ASSIGNMENT >>
Please transcribe the lines below exactly, and leave every image behind.

- Opening Delimiter -

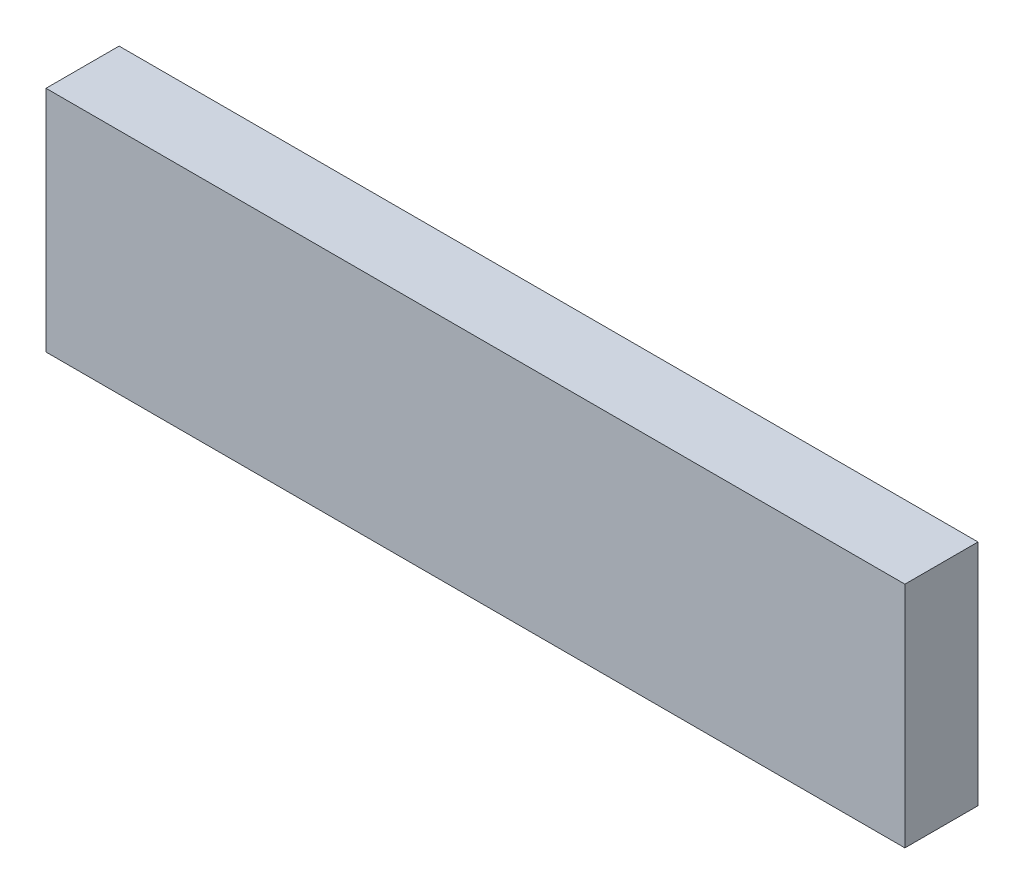
from build123d import *

# Parameters (mm, degrees)
ESBO_O1_W                = 94
ESBO_O1_H                = 25
RESSALTO_EXTRUS_O1_DEPTH = 8


with BuildPart() as part:
    # Esboço1 → Ressalto-extrusão1 (new body)
    with BuildSketch(Plane.XY):
        with Locations((0, -17.5)):
            Rectangle(ESBO_O1_W, ESBO_O1_H)
    extrude(amount=RESSALTO_EXTRUS_O1_DEPTH)


solid = part.part

- Closing Delimiter -

THE ANSWER >>
from build123d import *

# Parameters (mm, degrees)
ESBO_O1_W                = 94
ESBO_O1_H                = 25
RESSALTO_EXTRUS_O1_DEPTH = 8


with BuildPart() as part:
    # Esboço1 → Ressalto-extrusão1 (new body)
    with BuildSketch(Plane.XY):
        with Locations((0, -17.5)):
            Rectangle(ESBO_O1_W, ESBO_O1_H)
    extrude(amount=RESSALTO_EXTRUS_O1_DEPTH)


solid = part.part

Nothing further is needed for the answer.